Prove that the derivative of the relativistic angular momentum is the relativistic torque

Question

In the book "relativity" by Vincenzo Barone, the relativistic angular momentum tensor is defined as:

$L^{ij}= x^ip^j - x^jp^i$

(With the indexes $i,j$ going from 0 to 3)

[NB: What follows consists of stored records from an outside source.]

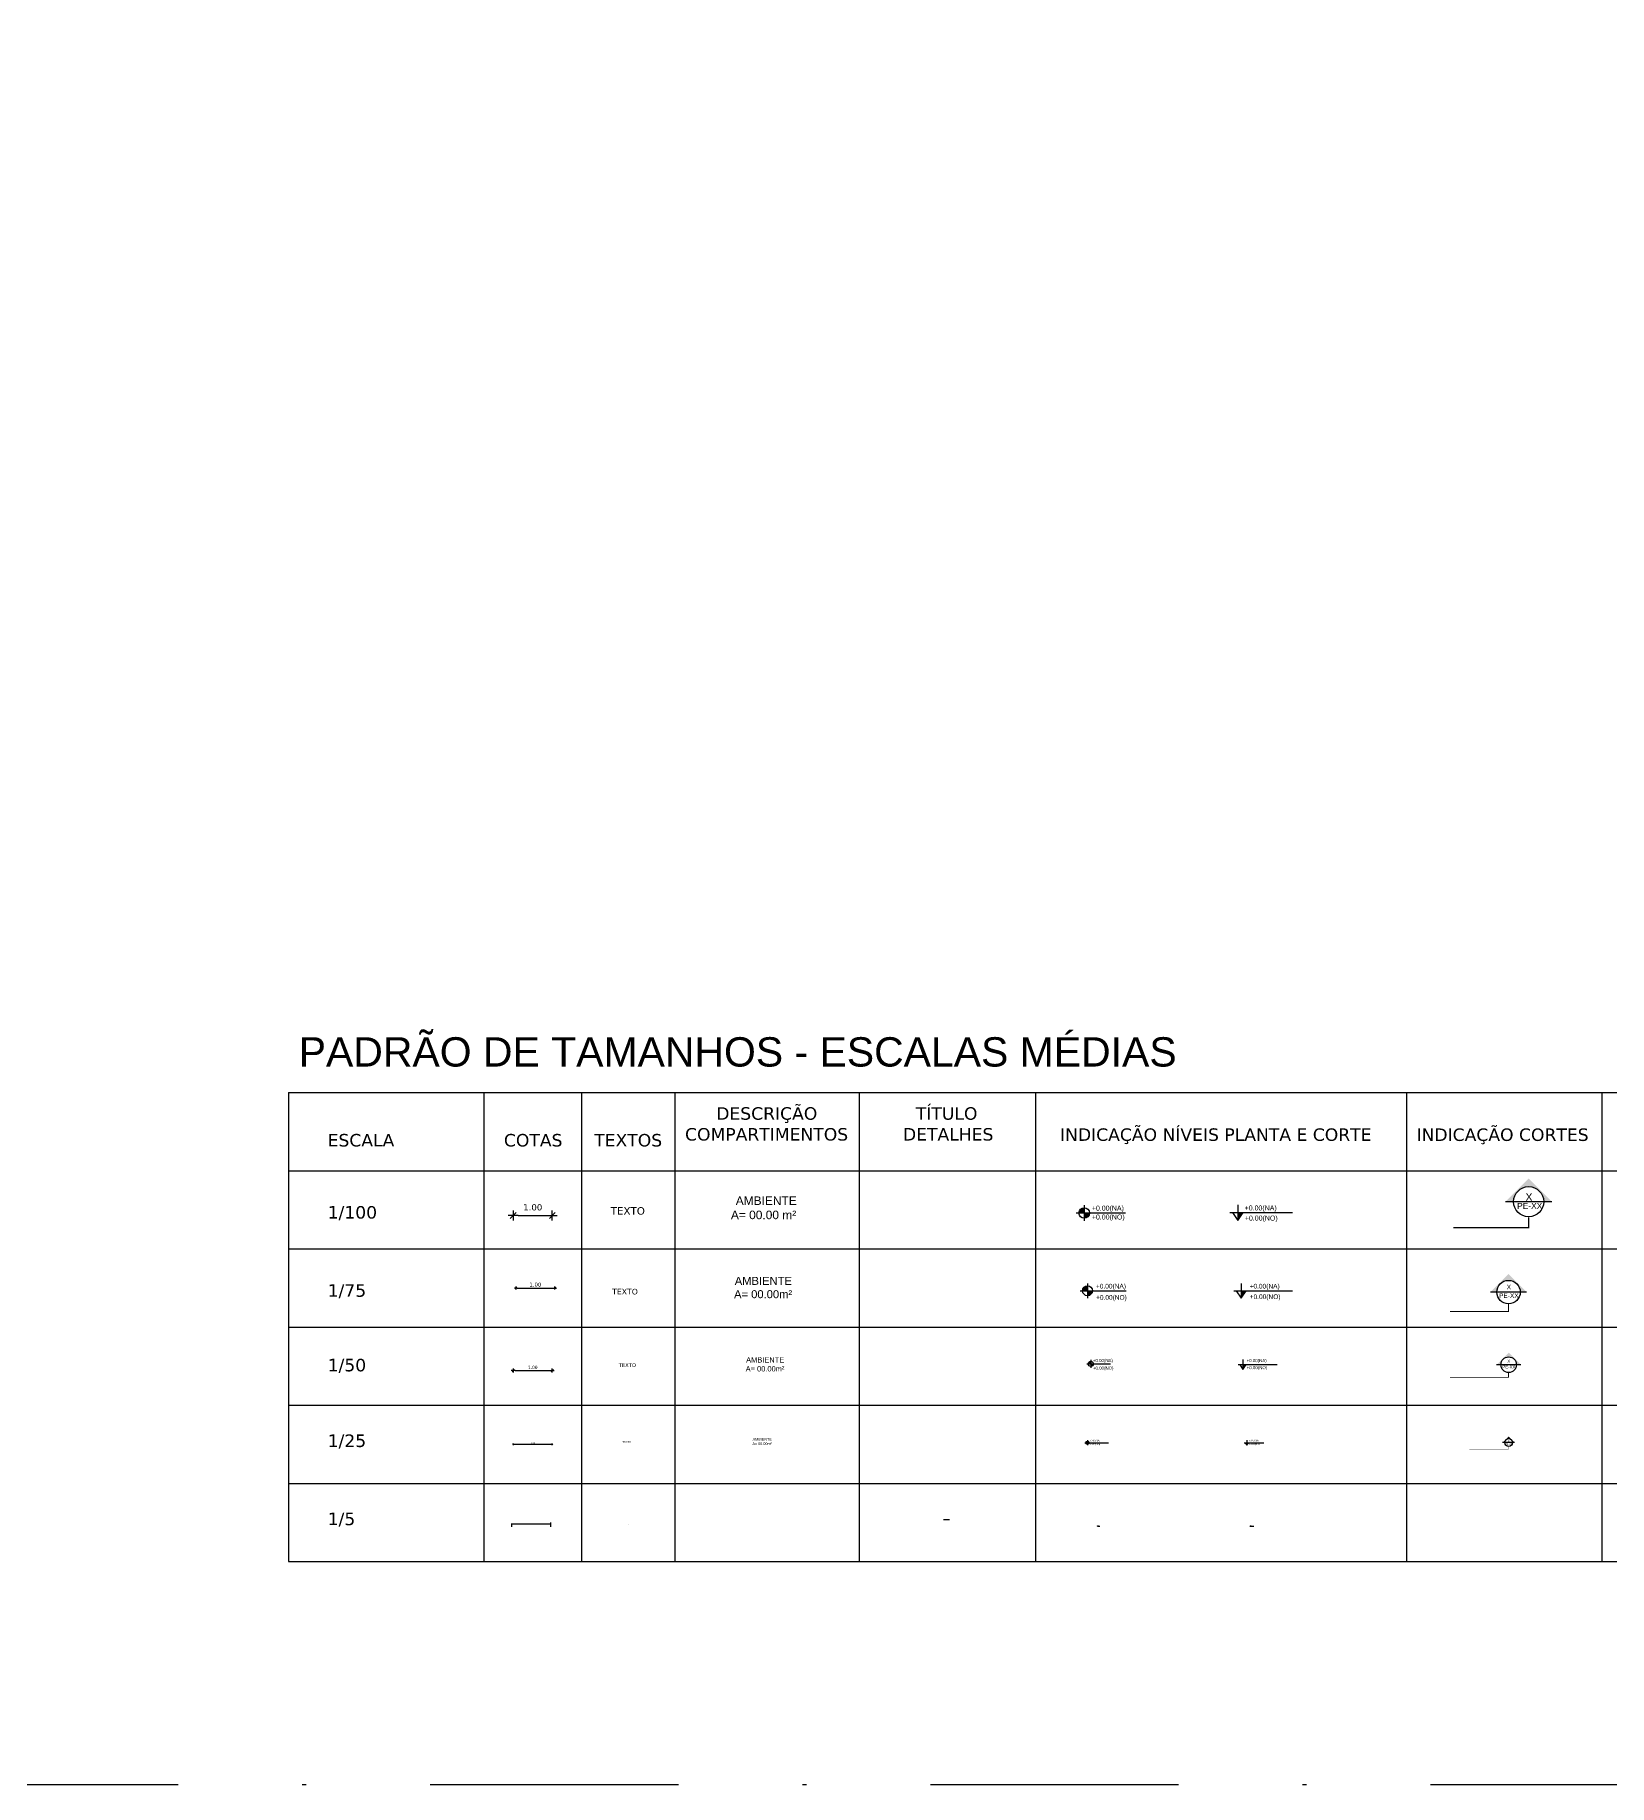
# Model space of a CAD drawing. Extents: x 386 to 569, y 47 to 136.
# Drawn here: x 488.94 to 529.22, y 46.58 to 91.35 of the extents above; entities that cross this region are included whole.
import ezdxf

# ---------------------------------------------------------------- set-up
doc = ezdxf.new("R2010")
doc.units = 0
doc.header["$LTSCALE"] = 0.005
doc.header["$PDMODE"] = 3
doc.linetypes.add('DASHDOT', pattern=[25.4, 12.7, -6.35, 0, -6.35])
doc.layers.get('0').update_dxf_attribs({"linetype": 'CONTINUOUS'})
doc.layers.get('DEFPOINTS').update_dxf_attribs({"linetype": 'CONTINUOUS'})
for name, color, linetype in [('ARQ-CTA-1_025', 1, 'CONTINUOUS'), ('ARQ-CTA-1_050', 1, 'CONTINUOUS'), ('ARQ-CTA-1_100', 1, 'CONTINUOUS'), ('ARQ-HTC', 9, 'CONTINUOUS'), ('ARQ-SMB-1_025', 1, 'CONTINUOUS'), ('ARQ-SMB-1_050', 1, 'CONTINUOUS'), ('ARQ-SMB-1_075', 1, 'CONTINUOUS'), ('ARQ-SMB-1_100', 1, 'CONTINUOUS'), ('ARQ-TXT', 2, 'CONTINUOUS'), ('ARQ-TXT-1_025', 2, 'CONTINUOUS'), ('ARQ-TXT-1_050', 2, 'CONTINUOUS'), ('ARQ-TXT-1_075', 2, 'CONTINUOUS'), ('ARQ-TXT-1_100', 2, 'CONTINUOUS')]:
    doc.layers.add(name, color=color, linetype=linetype)
doc.styles.add('ESC-50-A20', font='arial.ttf', dxfattribs={"height": 0.1})
doc.styles.add('FNDE Text Cota 0005', font='verdana.ttf', dxfattribs={"height": 0.008})
doc.styles.add('FNDE Text Cota 0075', font='verdana.ttf', dxfattribs={"height": 0.1})
doc.styles.add('FNDE Texto Cota 0025', font='verdana.ttf', dxfattribs={"height": 0.04})
doc.styles.add('FNDE Texto Cota 0050', font='verdana.ttf', dxfattribs={"height": 0.08})
doc.styles.add('FNDE Texto Cota 0100', font='verdana.ttf', dxfattribs={"height": 0.16})
doc.dimstyles.new('FNDE 1-0005', dxfattribs={"dimtxt": 0.008, "dimasz": 0.006, "dimexe": 0.075, "dimexo": 0.0625, "dimgap": 0.0625, "dimtad": 1, "dimdec": 4, "dimdsep": 46, "dimlunit": 6, "dimtxsty": 'FNDE Text Cota 0005', "dimblk": 'ARCHTICK', "dimcen": 0.0015, "dimclrd": 251, "dimclre": 251, "dimclrt": 1, "dimadec": 0, "dimazin": 0, "dimtfac": 1, "dimtdec": 4, "dimtmove": 0, "dimatfit": 3, "dimldrblk": 'ARCHTICK', "dimfxl": 1, "dimtolj": 1, "dimtzin": 0, "dimarcsym": 0})
doc.dimstyles.new('FNDE 1-0025', dxfattribs={"dimscale": 5, "dimtxt": 0.04, "dimasz": 0.0035, "dimexe": 0.15, "dimexo": 0.15, "dimgap": 0.0025, "dimtad": 1, "dimzin": 1, "dimdsep": 46, "dimtxsty": 'FNDE Texto Cota 0025', "dimblk": 'tic', "dimcen": 0.015, "dimdle": 0.15, "dimse1": 1, "dimse2": 1, "dimclrd": 251, "dimclre": 251, "dimclrt": 256, "dimaunit": 1, "dimadec": 3, "dimazin": 0, "dimtfac": 1, "dimtix": 1, "dimtmove": 2, "dimatfit": 3, "dimfxl": 0.15, "dimtvp": 1, "dimtolj": 1, "dimtzin": 0, "dimarcsym": 0})
doc.dimstyles.new('FNDE 1-0050', dxfattribs={"dimscale": 5, "dimtxt": 0.08, "dimasz": 0.01, "dimexe": 0.15, "dimexo": 0.15, "dimgap": 0.01, "dimtad": 1, "dimzin": 1, "dimdsep": 46, "dimtxsty": 'FNDE Texto Cota 0050', "dimblk": 'tic', "dimcen": 0.015, "dimdle": 0.15, "dimse1": 1, "dimse2": 1, "dimclrd": 251, "dimclre": 251, "dimclrt": 1, "dimaunit": 1, "dimadec": 3, "dimazin": 0, "dimtfac": 1, "dimtix": 1, "dimtmove": 2, "dimatfit": 3, "dimfxl": 0.15, "dimtvp": 1, "dimtolj": 1, "dimtzin": 0, "dimarcsym": 0})
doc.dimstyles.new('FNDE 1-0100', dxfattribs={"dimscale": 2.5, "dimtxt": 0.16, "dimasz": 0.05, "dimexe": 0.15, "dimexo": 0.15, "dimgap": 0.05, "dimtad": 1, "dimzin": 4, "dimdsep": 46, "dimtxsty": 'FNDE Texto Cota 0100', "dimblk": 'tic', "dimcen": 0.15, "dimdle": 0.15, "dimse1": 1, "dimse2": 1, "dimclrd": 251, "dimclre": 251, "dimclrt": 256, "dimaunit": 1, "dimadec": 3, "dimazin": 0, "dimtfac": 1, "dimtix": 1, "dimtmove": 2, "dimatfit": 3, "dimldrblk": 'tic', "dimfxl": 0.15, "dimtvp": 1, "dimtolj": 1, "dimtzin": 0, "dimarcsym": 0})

And the relativistic torque tensor as:

$N^{ij} = x^iF^j - x^jF^i$

Where $F^\mu$ is the four-force vector.

Afterwards it states the equations of motion for $\mathbf L$ as:

$\frac{dL^{ij}}{ds} = N^{ij}$

But if you derive the momentum with respect to the path element d$s$ you should end up with four terms (two for each term of $\mathbf L$) of which two are those of the torque. So how do you prove such a statement.

Answer 1

I don't know if I understand your last sentence correctly. $ds$ is a scalar and $L^{ij}$ is a rank 2 tensor (or rather the spatial components of one). So if you take the derivative of $L^{ij}$ with respect to $ds$, you will get another rank 2 tensor (or rather its spatial components). The proof that that rank 2 tensor is $N^{ij}$ is rather trivial (basically just the product rule): $d/ds (L^{ij}) = (dx^i/ds) p^j + x^i (dp^j/ds) - (dx^j/ds) p^i - x^j (dp^i/ds) $ $= u^i p^j + x^i F^j - u^j p^i - x^j F^i = x^i F^j - x^j F^i = N^{ij}$, since $u^i p^j - u^j p^i = u^i m u^j - u^j m u^i = 0$ by definition of $(p^i)$.